I’m an RCIA sponsor and I was kind of upset when they taught that Vatican II stated the Church is not perfect. I totally disagree. The Church is perfect but the people that make up the Church, lay people, priests, deacons, brothers, sisters, etc… are not. Their imperfection does not negate the perfection of the Catholic Church. Am I incorrect?
You are correct, Mike.
In *Lumen Gentium * 1:4 (The Dogmatic Constitution of the Church) we find: “Hence the universal Church is seen to be a people brought into unity from the unity of the Father, the Son and Spirit.” (Which, btw, was a quote from St. Cyprian of Carthage.)

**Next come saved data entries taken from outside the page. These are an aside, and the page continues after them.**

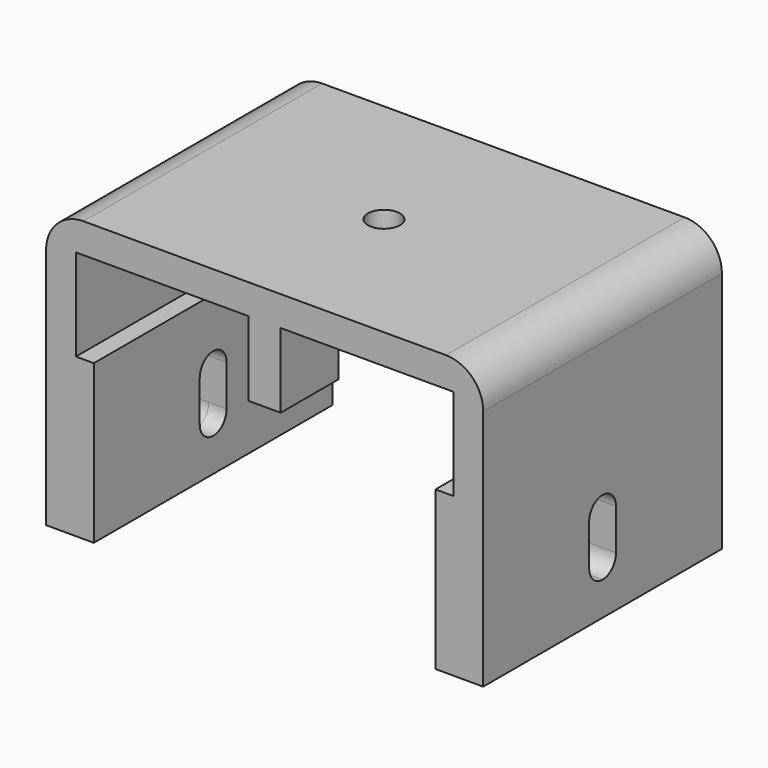
from build123d import *

# Parameters (mm, degrees)
F1_DEPTH  = 40
F2_R      = 5
F3_R      = 2.15
F4_DEPTH  = 25
F5_W      = 4.5
F5_H      = 10
F6_DEPTH  = 58.601
F7_R      = 2.24999
F8_W      = 40
F8_H      = 21.2
F9_DEPTH  = 2.4
F10_W     = 40
F10_H     = 21.2
F11_DEPTH = 2.4
F12_W     = 4.3
F12_H     = 9.6518629789
F13_DEPTH = 10


# Not quite as in the source:
# - a fillet or chamfer is up to 0.001 mm smaller than in the source, because OpenCascade refuses the exact size


with BuildPart() as f1:
    # F0 (on Front) → F1 (new body)
    with BuildSketch(Plane.XZ):
        Polygon((25.3, -18.75), (29.3, -18.75), (29.3, 18.75), (-29.3, 18.75), (-29.3, -18.75), (-25.3, -18.75), (-25.3, 14.75), (25.3, 14.75), align=None)
    extrude(amount=F1_DEPTH)

    # F2
    f2_edges = [f1.edges().sort_by_distance(p)[0] for p in [
        (-29.3, -20, 18.75),
        (29.3, -20, 18.75),
    ]]
    fillet(f2_edges, radius=F2_R)

    # F3 (on face) → F4 (cut)
    with BuildSketch(Plane.XY.offset(18.75)):
        with Locations((0, -20)):
            Circle(F3_R)
    extrude(amount=-F4_DEPTH, mode=Mode.SUBTRACT)

    # F5 (on face) → F6 (cut, through all)
    with BuildSketch(Plane.YZ.offset(29.3)):
        with Locations((-20, -9.25)):
            Rectangle(F5_W, F5_H)
    extrude(amount=-F6_DEPTH, mode=Mode.SUBTRACT)

    # F7 (radius 2.25 in the source; OpenCascade refuses exactly that, so slightly less here)
    f7_edges = [f1.edges().sort_by_distance(p)[0] for p in [
        (27.3, -17.75, -4.25),
        (27.3, -22.25, -4.25),
        (27.3, -17.75, -14.25),
        (27.3, -22.25, -14.25),
        (-27.3, -17.75, -4.25),
        (-27.3, -17.75, -14.25),
        (-27.3, -22.25, -4.25),
        (-27.3, -22.25, -14.25),
    ]]
    fillet(f7_edges, radius=F7_R)

    # F8 (on face) → F9 (join)
    with BuildSketch(Plane(origin=(25.3, 0, 0), x_dir=(0, -1, 0), z_dir=(-1, 0, 0))):
        with Locations((20, -8.15)):
            Rectangle(F8_W, F8_H)
        with BuildLine():
            ThreePointArc((17.75, -6.5), (20, -4.25), (22.25, -6.5))
            Line((22.25, -6.5), (22.25, -12))
            ThreePointArc((22.25, -12), (20, -14.25), (17.75, -12))
            Line((17.75, -12), (17.75, -6.5))
        make_face(mode=Mode.SUBTRACT)
    extrude(amount=F9_DEPTH)

    # F10 (on face) → F11 (join)
    with BuildSketch(Plane.YZ.offset(-25.3)):
        with Locations((-20, -8.15)):
            Rectangle(F10_W, F10_H)
        with BuildLine():
            ThreePointArc((-22.25, -6.5), (-20, -4.25), (-17.75, -6.5))
            Line((-17.75, -6.5), (-17.75, -12))
            ThreePointArc((-17.75, -12), (-20, -14.25), (-22.25, -12))
            Line((-22.25, -12), (-22.25, -6.5))
        make_face(mode=Mode.SUBTRACT)
    extrude(amount=F11_DEPTH)

    # F12 (on face) → F13 (join)
    with BuildSketch(Plane(origin=(0, 0, 14.75), x_dir=(1, 0, 0), z_dir=(0, 0, -1))):
        with Locations((0, 35.1740685105)):
            Rectangle(F12_W, F12_H)
    extrude(amount=F13_DEPTH)


solid = f1.part

Here, St. Cyprian, of course, and the Second Vatican Council also, spoke of “A PEOPLE” as one organic whole, not as merely the sum of the number of individuals. That is because the Church is One Mystical Person of Christ and Body in a supernatural union of Grace by the Indwelling of the Holy Spirit in three states: of blessedness in Heaven, of purification after death, of visible communion on earth. This means that Christ dwells in all and only in all that comes from Him (what He joins to Himself), but not in any of what contradicts Himself. This is why there can not be a facile identification of the Church with its visible members with all the actions of all or any of its members.
All that comes from the sin of its visible members, of course, is not the Church, because it departs from union with Christ. The opposite distortion is this “we are the Church” materially understood as one would of any other sociological grouping of humanity, which is a radical secularization of a Divine Mystery. This is why one can say that every member of the Visible Church sins, but the Church does not sin. Thus in the Holy Father John Paull II’s “apology” a few years ago we see clearly that he does not identify the Church herself with the sins of which her sons and daughters, however lofty their position, have committed.
Thus the Church is HOLY, not sinful as its members are (taken individually or materially, for there are many dead members of the Visible Church who are only materially, i.e., externally, joined to the Church and to Christ, who nevertheless have the opportunity of being revived, especially by the prayers and sacrifices of the alive members.)
It can be difficult for some to see this since they approach the issue superficially, materially, without understanding the depth of the union of Christ with His Visible Body. When that Visible Body teaches it is Christ Who teaches.
Thus only what is done out of this union with Christ in us is the Church, such as teaching on faith or morals by the Magisterium, the sacramental life of the Church, the acts of virtue done in grace by the faithful, above all the lives of heroic sanctity of the Saints. All this is Christ in us who cooperate with Him. The errors in teaching by individuals or sections of the Church, the moral failures, the exercises in poor judgment, the omission of doing good when the circumstances require it, all this is done not by virtue of union with Christ, but by virtue of sinners’ own initiative as first cause themselves, and thus not by the Church. It takes divine faith that the Church is this Great Mystery of union between Christ and His Body to see this; a purely sociological approach misses this entirely as does an historical/scientific approach without faith.
To repeat: The Church is Christ extended. One can not speak of the Church in simply a material sense as an organization as sociologists do. We are not the Church so much as CHRIST is the Church. HE is the Temple in His own personal Body. Qualitatively in Him personally is the fullness; by incorporation into Him we participate in this fullness His personal Humanity has. Whatever He unites to Himself is the Mystery of the Church. Now He united Himself visible with the apostolic community at Pentecost never to be separated from that historical community.